The records
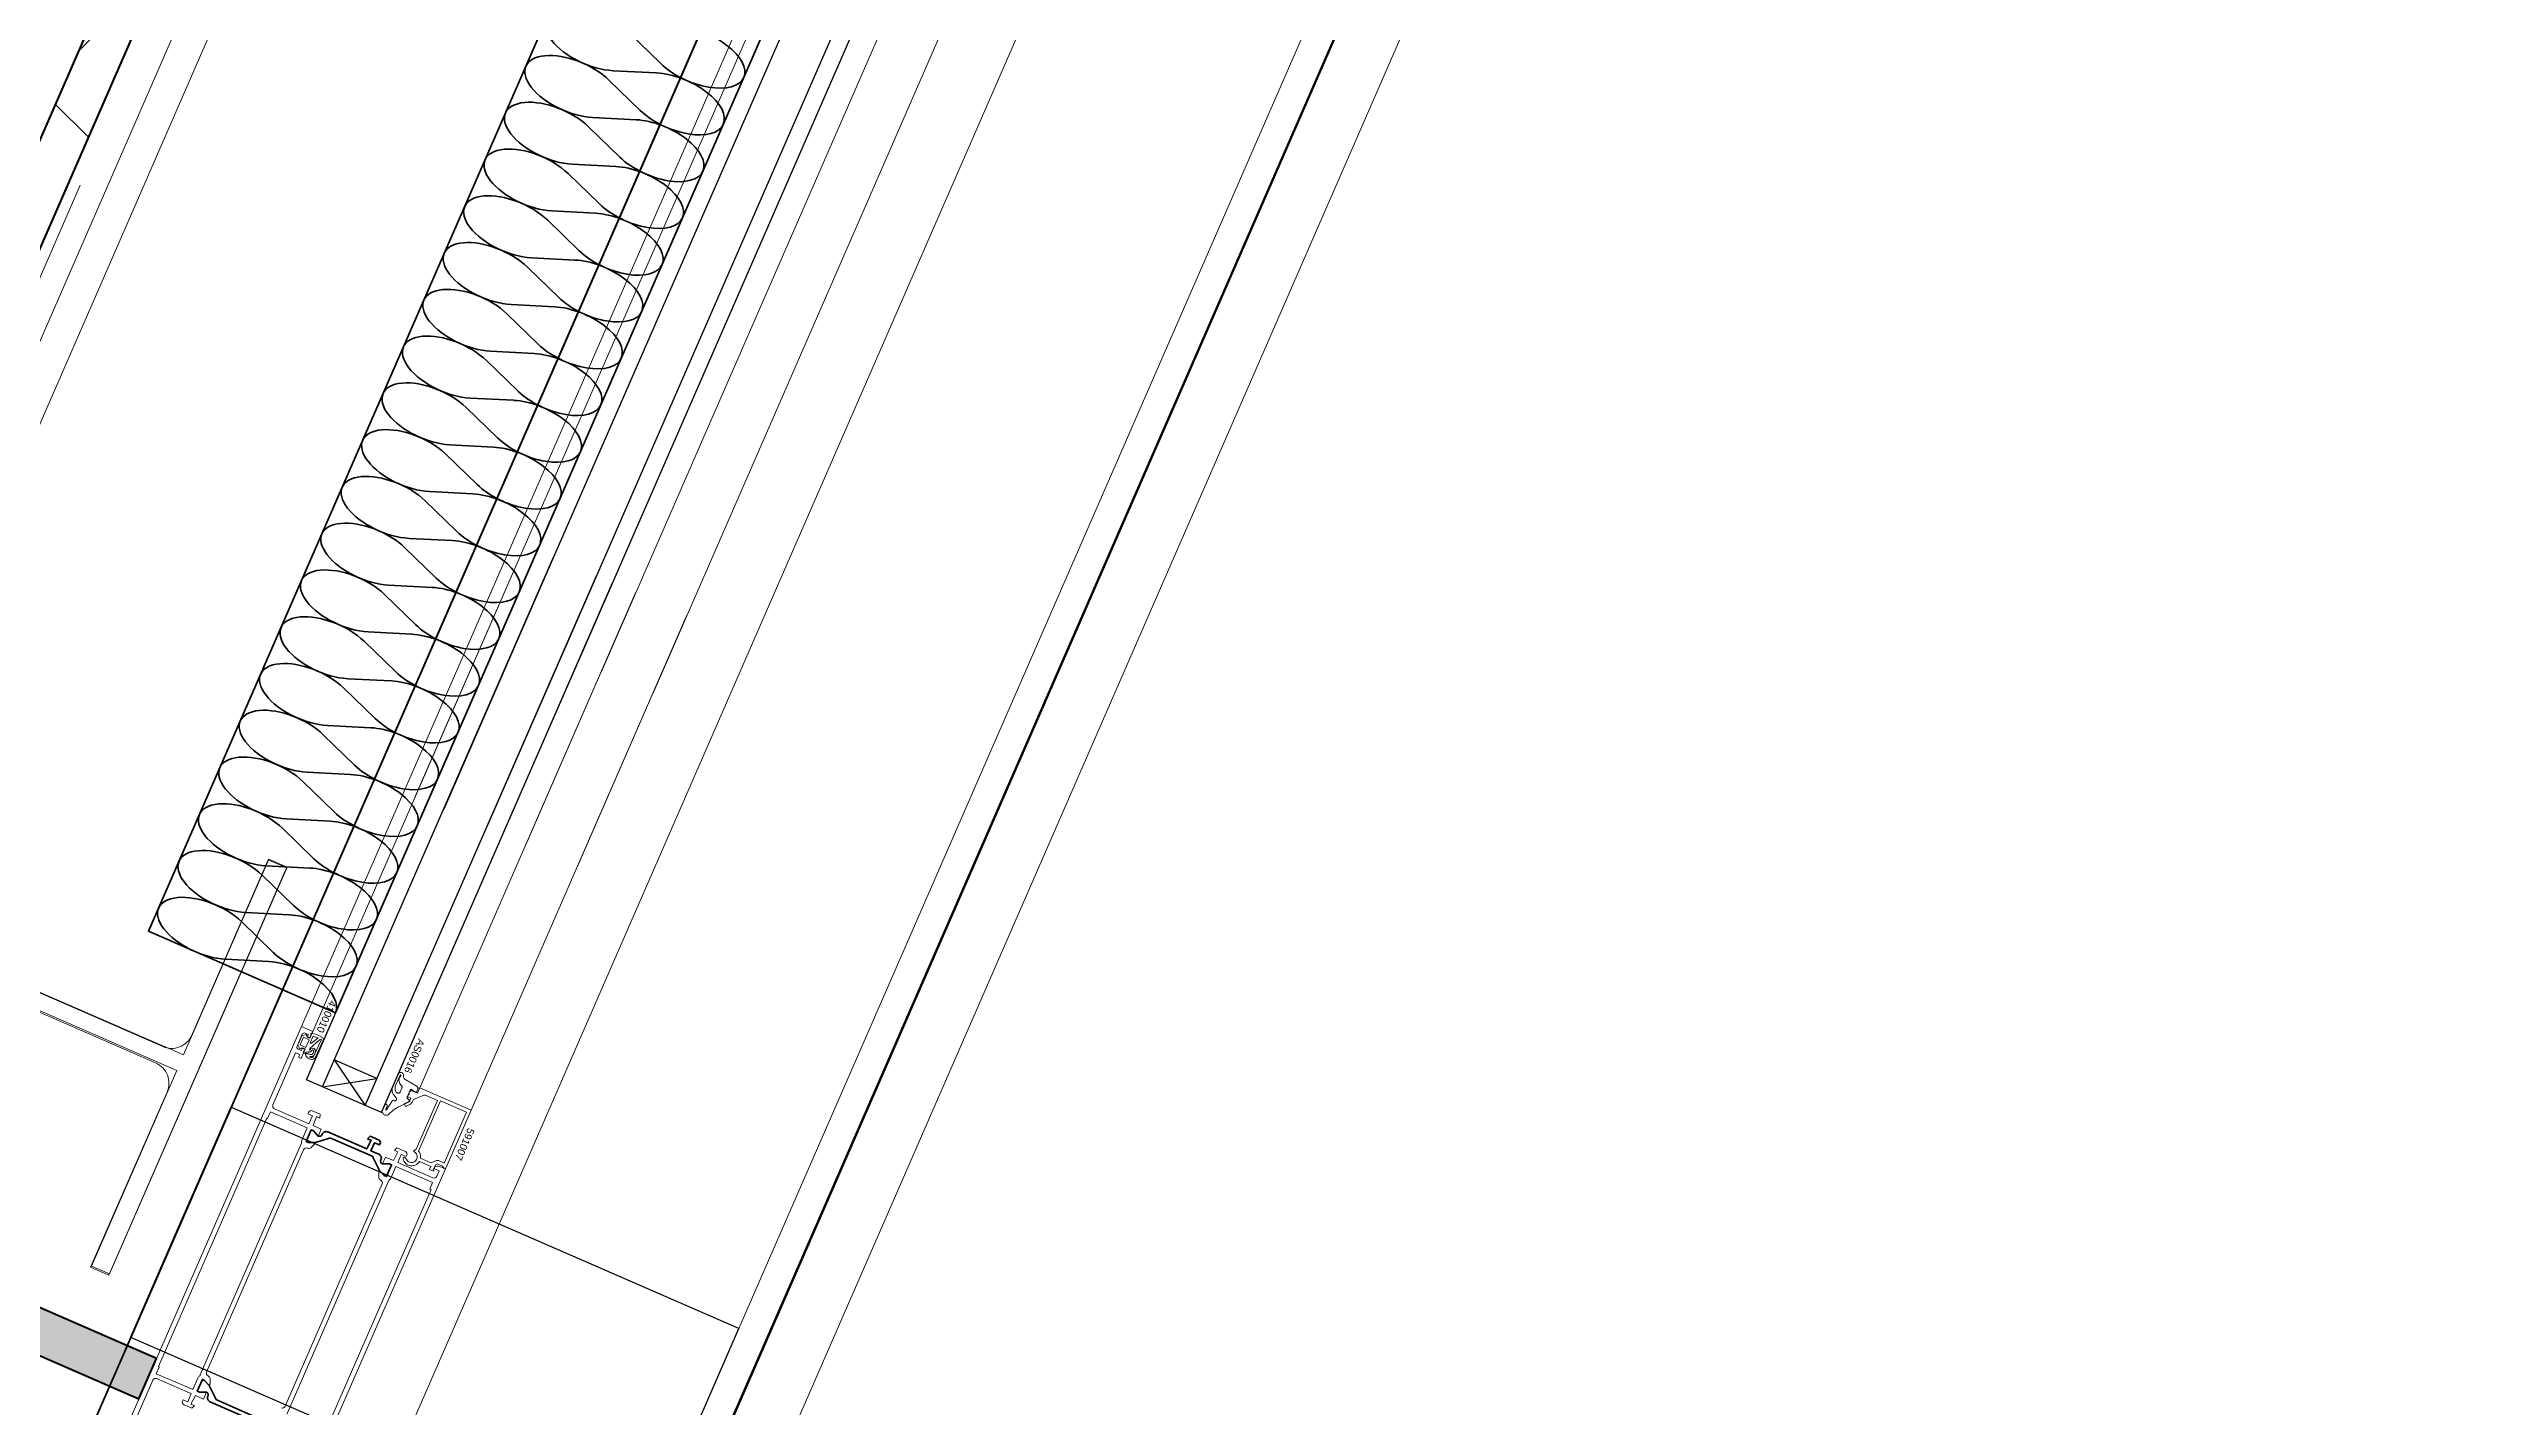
# Model space of a CAD drawing. Header units: millimetres. Extents: x -37281 to 954596, y -59787 to 956680.
# Drawn here: x 6685 to 7518, y -12154 to -11689 of the extents above; entities that cross this region are included whole.
import ezdxf
from ezdxf.enums import TextEntityAlignment as Align

# ---------------------------------------------------------------- set-up
doc = ezdxf.new("R2010")
doc.units = ezdxf.units.MM
doc.header["$MEASUREMENT"] = 0
doc.linetypes.add('Dot & Dashed', pattern=[670.277762, 352.777767, -176.388884, 0, -141.111112])
doc.linetypes.add('Double Dashed', pattern=[1093.611073, 529.166651, -211.666656, 141.111112, -211.666656])
for name, color, linetype, lineweight in [('0_Pen_No__2', 8, 'Continuous', 15), ('0_Pen_No__4', 7, 'Continuous', 20), ('0_Pen_No__5', 7, 'Continuous', 25), ('0_Pen_No__6', 7, 'Continuous', 35), ('0_Pen_No__7', 7, 'Continuous', 35), ('0_Pen_No__9', 7, 'Continuous', 13), ('A-25-M_Curtain_Wall_Pen_No__85', 8, 'Continuous', 20), ('COLUMN.IFC Import_Pen_No__2', 8, 'Continuous', 15), ('New_A-20-M_Floor_Slab_Pen_No__89', 8, 'Continuous', 20), ('New_A-20-M_Roof_Pen_No__93', 8, 'Continuous', 13), ('New_A-25-M_Curtain_Wall_Pen_No__90', 8, 'Continuous', 20), ('New_A-25-M_Wall_Ext_Pen_No__87', 8, 'Continuous', 20), ('New_A-25-M_Wall_Int_Pen_No__155', 5, 'Continuous', 35), ('New_ArchiCAD Windows_Pen_No__3', 7, 'Continuous', 18), ('New_ArchiCAD Zone Stamps_Pen_No__9', 7, 'Continuous', 13)]:
    doc.layers.add(name, color=color, linetype=linetype, lineweight=lineweight)
for name, color, linetype, lineweight, true_color in [('0_Pen_No__40', 7, 'Continuous', 35, 0x2a2a2a), ('0_Pen_No__54', 7, 'Continuous', 35, 0x444444), ('A-25-M_Wall_Int_Pen_No__107', 7, 'Continuous', 15, 0xa6a6a6), ('A-25-M_Wall_Int_Pen_No__27', 7, 'Continuous', 50, 0x2a2a2a), ('New_A-15-MG_Structural_Grid_Phase_2_Pen_No__222', 7, 'Continuous', 13, 0x65af33), ('New_A-25-M_Curtain_Wall_Pen_No__69', 7, 'Continuous', 20, 0x606060), ('New_A-25-M_Wall_Int_Pen_No__27', 7, 'Continuous', 50, 0x2a2a2a), ('New_A-35-M_FFE-Zone_Pen_No__74', 7, 'Continuous', 20, 0x606060), ('New_ArchiCAD Windows_Pen_No__23', 7, 'Continuous', 30, 0x2a2a2a)]:
    doc.layers.add(name, color=color, linetype=linetype, lineweight=lineweight, true_color=true_color)
for name, color, linetype in [('A-25-M_Wall_Int', 7, 'Continuous'), ('COLUMN.IFC Import', 7, 'Continuous'), ('New_A-15-MG_Structural_Grid_Phase_2', 7, 'Continuous'), ('New_A-20-M_Floor_Slab', 7, 'Continuous'), ('New_A-20-M_Roof', 7, 'Continuous'), ('New_A-25-M_Curtain_Wall', 7, 'Continuous'), ('New_A-25-M_Wall_Ext', 7, 'Continuous'), ('New_A-25-M_Wall_Int', 7, 'Continuous'), ('New_A-35-M_FFE-Zone', 7, 'Continuous'), ('New_ArchiCAD Windows', 7, 'Continuous')]:
    doc.layers.add(name, color=color, linetype=linetype)
doc.styles.add('GENERATED_STYLE_2', font='')
doc.styles.add('GENERATED_STYLE_3', font='')
doc.styles.add('GENERATED_STYLE_4', font='')
doc.styles.get('GENERATED_STYLE_2').set_extended_font_data('Arial', bold=True)
doc.styles.get('GENERATED_STYLE_3').set_extended_font_data('Arial')
doc.styles.get('GENERATED_STYLE_4').set_extended_font_data('Swis721 BT')
doc.dimstyles.new('GENERATED_STYLE__2', dxfattribs={"dimtxt": 0.18, "dimasz": 273.6, "dimexe": 0.18, "dimexo": 0.0625, "dimgap": 0.09, "dimtad": 0, "dimtih": 1, "dimtoh": 1, "dimdec": 4, "dimzin": 0, "dimdsep": 46, "dimcen": 0.09, "dimadec": 0, "dimazin": 0, "dimtfac": 1, "dimtdec": 4, "dimtmove": 0, "dimatfit": 3, "dimldrblk": 'ARROWHEAD_5', "dimfxl": 1, "dimtolj": 1, "dimtzin": 0, "dimarcsym": 0})

# ---------------------------------------------------------------- blocks, each defined once
blk = doc.blocks.new('Wall_2_3', base_point=(10092.6, -4631.3))
at = {"layer": 'New_A-25-M_Wall_Ext_Pen_No__87', "linetype": 'Continuous', "flags": 128}
for points in [[(10000.93, -4591.33), (2142.47, -22613.27)], [(2234.14, -22653.24), (10092.6, -4631.3)]]:
    blk.add_lwpolyline(points, dxfattribs=at)
blk = doc.blocks.new('Wall_4_3', base_point=(9982.59, -4632.6))
at = {"layer": 'New_A-25-M_Wall_Ext_Pen_No__87', "linetype": 'Continuous', "flags": 128}
for points in [[(4871.77, -16353.33), (9982.59, -4632.6)], [(7915.52, -8960.24), (4720.52, -16287.38)]]:
    blk.add_lwpolyline(points, dxfattribs=at)
blk = doc.blocks.new('Single Office_INB 2113_11_3', base_point=(4956.91, -9895.45))
at = {"layer": 'New_A-35-M_FFE-Zone_Pen_No__74', "linetype": 'Continuous'}
blk.add_line((6607.79, -11889.99), (7507.12, -9827.54), dxfattribs=at)
at = {"layer": 'New_ArchiCAD Zone Stamps_Pen_No__9'}
for tag, height, style, p in [('ROOM_NAME', 250, 'GENERATED_STYLE_2', (4455.73, -8801.04)), ('zoneNameLine2', 250, 'GENERATED_STYLE_2', (4267.3, -9233.17)), ('ROOM_NUMBER', 200, 'GENERATED_STYLE_3', (4078.87, -9653.88)), ('measuredAreaCode', 200, 'GENERATED_STYLE_3', (3921.84, -10013.99)), ('DUMMY_649', 200, 'GENERATED_STYLE_3', (4229.25, -10148.03)), ('DUMMY_650', 200, 'GENERATED_STYLE_3', (4578.76, -10300.44)), ('DUMMY_651', 133.33, 'GENERATED_STYLE_3', (4858.05, -10406.98))]:
    blk.add_attdef(tag, text='', height=height, rotation=336.44041, dxfattribs=dict(at, style=style)).set_placement(p, align=Align.TOP_LEFT)
blk = doc.blocks.new('Slab_4_3', base_point=(-34879.65, -33019.01))
at = {"layer": 'New_A-20-M_Floor_Slab_Pen_No__89', "linetype": 'Continuous', "flags": 128}
blk.add_lwpolyline([(19341.14, -30335.29), (10989.45, -26693.54), (10933.09, -26822.78), (1863.41, -22867.95), (9871.66, -4502.51), (4224.74, -2040.17), (4132.95, -2000.14), (2145.42, -6558.18), (-3141.98, -4252.62), (-10743.58, -11326.43), (-11126.43, -10915.01), (-34879.65, -33019.01)], dxfattribs=at)
blk = doc.blocks.new('Slab_8_3', base_point=(10933.09, -26822.78))
at = {"layer": 'New_A-20-M_Floor_Slab_Pen_No__89', "linetype": 'Continuous', "flags": 128}
blk.add_lwpolyline([(10933.09, -26822.78), (1863.41, -22867.95), (9871.66, -4502.51), (18941.33, -8457.33)], close=True, dxfattribs=at)
blk = doc.blocks.new('Triple Window 19[15]_3')
at = {"layer": 'New_ArchiCAD Windows_Pen_No__23', "linetype": 'Continuous'}
for p, q in [((6747.47, -12051.74), (6730.29, -12091.16)), ((6921.64, -12127.69), (6747.47, -12051.74)), ((6730.29, -12091.16), (6713.1, -12130.58)), ((6713.1, -12130.58), (6887.26, -12206.52)), ((6904.45, -12167.1), (6921.64, -12127.69))]:
    blk.add_line(p, q, dxfattribs=at)
at = {"layer": 'New_ArchiCAD Windows_Pen_No__3', "linetype": 'Continuous'}
for p, q in [((6958.76, -11154.4), (6019.46, -13308.51)), ((7090.02, -11266.18), (6747.47, -12051.74)), ((7293.33, -11300.29), (6354.03, -13454.4)), ((6921.64, -12127.69), (7264.18, -11342.12)), ((6713.1, -12130.58), (6375.55, -12904.68))]:
    blk.add_line(p, q, dxfattribs=at)
blk = doc.blocks.new('Wall_139_3', base_point=(10165.92, -4712.54))
at = {"layer": 'New_ArchiCAD Windows', "color": 251, "linetype": 'Continuous', "lineweight": 20, "true_color": 0x606060}
blk.add_blockref('Triple Window 19[15]_3', (0, 0), dxfattribs=at)
blk = doc.blocks.new('Wall_153_3', base_point=(6947.81, -11110.22))
at = {"layer": 'New_A-25-M_Wall_Int_Pen_No__155', "linetype": 'Continuous'}
h = blk.add_hatch(dxfattribs=at)
h.set_pattern_fill('Grid_5x5_Diagonal_0003', color=256, style=0, pattern_type=2)
h.set_pattern_definition([(45, (0, 0), (-35.35534, 35.35534), []), (135, (0, 0), (35.35534, 35.35534), [])])
h.paths.add_polyline_path([(6947.81, -11110.22), (6606.59, -11892.74), (6620.34, -11898.74), (6955.56, -11129.96)])
at = {"layer": 'New_A-25-M_Wall_Int_Pen_No__27', "linetype": 'Continuous', "flags": 128}
for points in [[(6947.81, -11110.22), (6606.59, -11892.74)], [(6620.34, -11898.74), (6955.56, -11129.96)], [(6606.59, -11892.74), (6620.34, -11898.74)]]:
    blk.add_lwpolyline(points, dxfattribs=at)
blk = doc.blocks.new('Wall_191_3', base_point=(6548.92, -12062.53))
at = {"layer": 'A-25-M_Wall_Int_Pen_No__107', "linetype": 'Continuous'}
blk.add_hatch(color=256, dxfattribs=at).paths.add_polyline_path([(6529.18, -12070.28), (6716.01, -12151.75), (6722, -12138), (6548.92, -12062.53)])
at = {"layer": 'A-25-M_Wall_Int_Pen_No__27', "linetype": 'Continuous', "flags": 128}
for points in [[(6722, -12138), (6548.92, -12062.53)], [(6529.18, -12070.28), (6716.01, -12151.75)], [(6716.01, -12151.75), (6722, -12138)]]:
    blk.add_lwpolyline(points, dxfattribs=at)
blk = doc.blocks.new('Morph_1_3')
at = {"layer": 'New_A-20-M_Roof_Pen_No__93', "linetype": 'Continuous', "flags": 128}
blk.add_lwpolyline([(2064.53, -22792.01), (10012.82, -4564.06)], dxfattribs=at)
blk = doc.blocks.new('Column 33')
at = {"layer": 'COLUMN.IFC Import_Pen_No__2', "linetype": 'Continuous'}
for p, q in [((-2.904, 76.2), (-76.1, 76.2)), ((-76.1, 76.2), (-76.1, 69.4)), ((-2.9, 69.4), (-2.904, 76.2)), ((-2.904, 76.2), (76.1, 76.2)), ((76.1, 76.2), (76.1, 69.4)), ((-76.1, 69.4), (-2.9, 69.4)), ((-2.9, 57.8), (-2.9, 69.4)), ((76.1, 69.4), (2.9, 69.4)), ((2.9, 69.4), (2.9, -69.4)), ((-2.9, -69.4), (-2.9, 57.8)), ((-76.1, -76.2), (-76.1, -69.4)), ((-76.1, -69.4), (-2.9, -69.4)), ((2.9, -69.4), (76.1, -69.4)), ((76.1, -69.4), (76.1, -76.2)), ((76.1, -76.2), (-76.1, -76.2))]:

Directions for this task
Using the records above, give the count of lines with the word "paths", and write nothing more.

Exercise output
2